A mother, without
When the most precious gift you have ever been given is taken, forever.
My ten-month-old baby died on July 31, 2018. He was healthy and flourishing, not terminally ill or sick. He didn’t drown or suffer a horrific accident. My husband found him in his cot, having a seizure. We rushed him to the hospital but the seizure proved catastrophic. He never woke up. We now know he was only ever going to shine for a short time on this earth. When his genetic pattern was materialising he chose an extremely rare flaw that determined his death sentence. I am grateful that we didn’t live with this knowledge, his life was full. Whilst I grieve, I attempt to make peace with the shock of how fast the events of his life and death transpired.
He was our firstborn, a perfect baby. He slept, he ate, he rarely cried. He was happy and joyous, he adored watching the trees swaying, his reflection, and the ocean. He hummed and haaahed his delight at all the small wonders around him. He was an absolute delight, and now he rests peacefully. In his final days, he rested, on life-support and our friends and family showered him with love and kisses.
Emotional shock is an intensely confusing state of being.
With his first birthday looming on the 23rd of September, to navigate the grief, I must find joy and reason. I am grateful he was born in this country, with access to phenomenal government-run healthcare, it is a gift we naturally take for granted but its value must never be underestimated. My baby’s perfect, unblemished kidneys have given life to a young man who’s days became a waiting game. I ache when I think of how my sadness was directly proportionate to the joy that family felt when they received this fateful phone call. I am so happy a piece of my baby lives on.
Emotional shock is an intensely confusing state of being. I wonder where he is. Some moments hit like a wave. I found some clothes that I had bought for him a few weeks ago, he won’t wear them. That brought on sobs so physically overwhelming I could not stand. As did the first load of washing that was without three little jumpers and six food-stained face washers. These small innocent moments remind me of that ten incredible months that were strung together by other small innocent moments.
I flounder in the emptiness that is grief. How can you create something, and love it so much, and now it is gone? Death is so final. This hollowness cannot be described. There is so much beauty in the science of creating a child. Any mother who has borne a child knows the intimacy that is built whilst a baby grows inside you. I am experiencing this now as another baby swells in my belly so close to my broken heart. This little love sits on a knife-edge, feeling new life thrive when a life has been lost is, at times, unbearable.
I don’t know where the future lies, or at what point that anything I do will have meaning. My world has been blown up and there is no aid coming for me. I hope that the future holds learnings, and wisdom and the lightbulb moment of some meaning as to why I was chosen to lose my baby. Though I wish not to compare my pain to anyone else, I know I am not alone, there are many who have shed similar tears. Grief is soul-destroying, private and all-consuming, but the navigation to brighter days is a well-tread path. I seek nothing except the promise that one day I will thrive again. That when I hold my new baby, I will have the strength to love and feel loved again.

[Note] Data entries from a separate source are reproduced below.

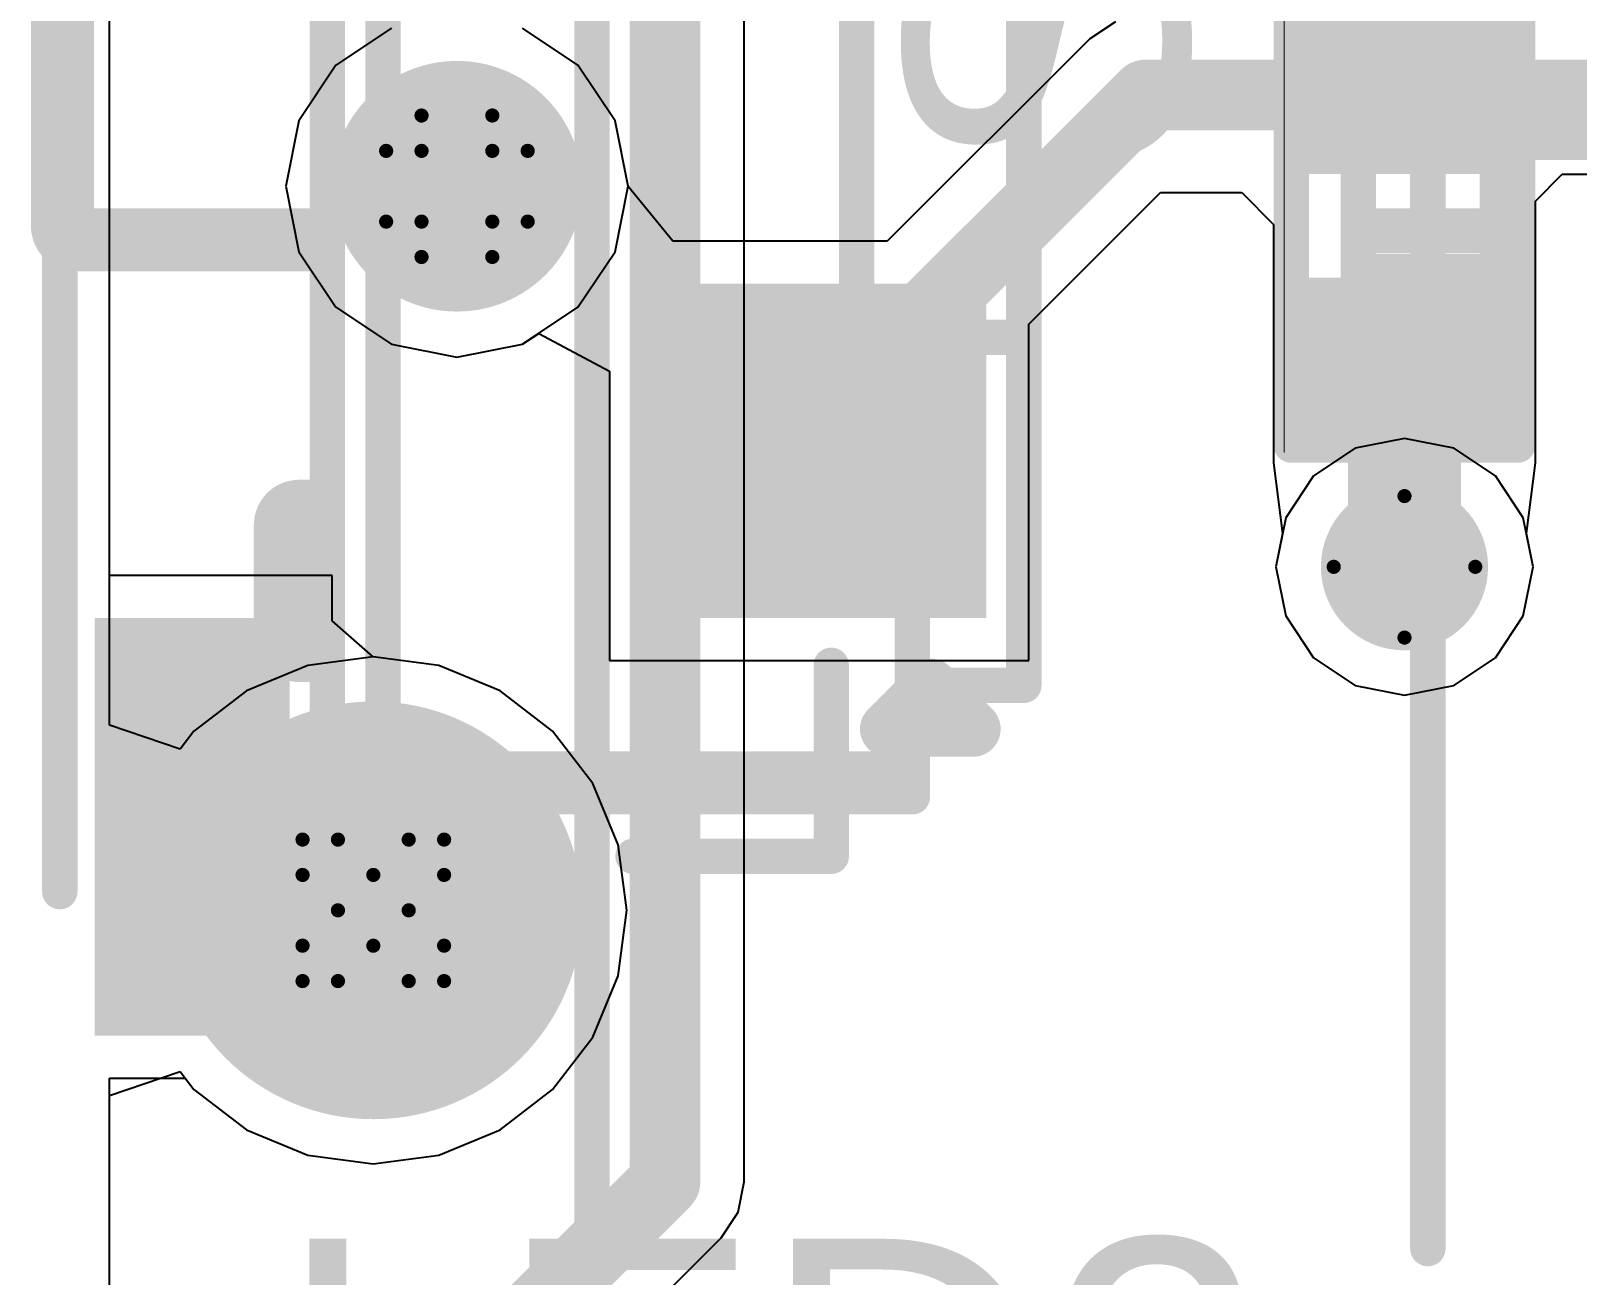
# Model space of a CAD drawing. Header units: millimetres. Extents: x -16 to 330, y -45 to 150.
# Drawn here: x -3.51 to 2.04, y 18.69 to 23.16 of the extents above; entities that cross this region are included whole.
import ezdxf

# ---------------------------------------------------------------- set-up
doc = ezdxf.new("R2010")
doc.units = ezdxf.units.MM
for name, color, linetype in [('BottomLayer', 5, 'Continuous'), ('BottomSolder', 6, 'Continuous'), ('DrillDrawing', 1, 'Continuous'), ('Mechanical13', 56, 'Continuous'), ('MidLayer1', 16, 'Continuous'), ('MidLayer2', 76, 'Continuous'), ('MultiLayer', 9, 'Continuous'), ('PadHoleLayer', 156, 'Continuous'), ('TopLayer', 1, 'Continuous'), ('TopOverlay', 2, 'Continuous'), ('TopPaste', 8, 'Continuous'), ('TopSolder', 216, 'Continuous'), ('ViaHoleLayer', 16, 'Continuous')]:
    doc.layers.add(name, color=color, linetype=linetype)
doc.styles.add('Arial', font='arial.ttf', dxfattribs={"height": 0.2})

# ---------------------------------------------------------------- blocks, each defined once
blk = doc.blocks.new('YTS_B003_2A_79')
at = {"layer": 'BottomLayer'}
h = blk.add_hatch(color=5, dxfattribs=at)
edge = h.paths.add_edge_path()
edge.add_arc((-3.75, 0.475), 0.75, 0, 360)
at = {"layer": 'BottomSolder'}
h = blk.add_hatch(color=6, dxfattribs=at)
edge = h.paths.add_edge_path()
edge.add_arc((-3.75, 0.475), 0.4, 0, 360)
h = blk.add_hatch(color=6, dxfattribs=at)
edge = h.paths.add_edge_path()
edge.add_arc((-1.15, 0.175), 0.45, 0, 360)
at = {"layer": 'MidLayer1'}
h = blk.add_hatch(color=16, dxfattribs=at)
edge = h.paths.add_edge_path()
edge.add_arc((-3.75, 0.475), 0.75, 0, 360)
at = {"layer": 'MidLayer2'}
h = blk.add_hatch(color=76, dxfattribs=at)
edge = h.paths.add_edge_path()
edge.add_arc((-3.75, 0.475), 0.75, 0, 360)
at = {"layer": 'MultiLayer'}
h = blk.add_hatch(color=9, dxfattribs=at)
edge = h.paths.add_edge_path()
edge.add_arc((-3.75, 0.475), 0.75, 0, 360)
at = {"layer": 'PadHoleLayer'}
h = blk.add_hatch(color=156, dxfattribs=at)
edge = h.paths.add_edge_path()
edge.add_arc((-3.75, 0.475), 0.4, 0, 360)
h = blk.add_hatch(color=156, dxfattribs=at)
edge = h.paths.add_edge_path()
edge.add_arc((-1.15, 0.175), 0.45, 0, 360)
at = {"layer": 'TopLayer'}
for points in [[(-4.2, 1.475), (-2.7, 1.475), (-2.7, 0.775), (-4.2, 0.775)], [(-1.5, -1.725), (-2.7, -1.725), (-2.7, -0.525), (-1.5, -0.525)]]:
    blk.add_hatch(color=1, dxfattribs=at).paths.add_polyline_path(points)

I live with no regrets as a mother, I know that he knew he was loved and adored, and that is all that matters. I now treasure every photo, every video, everything he ever touched. For the moment our home is a museum, to the beautiful boy who lived here for an infinitesimal time. I am a mother without. My baby is resting, somewhere above. I see him in the stars, and the feel him in the wind. I light his room every night and read him a bedtime story. These rituals may fade with time, but my love for him will endure.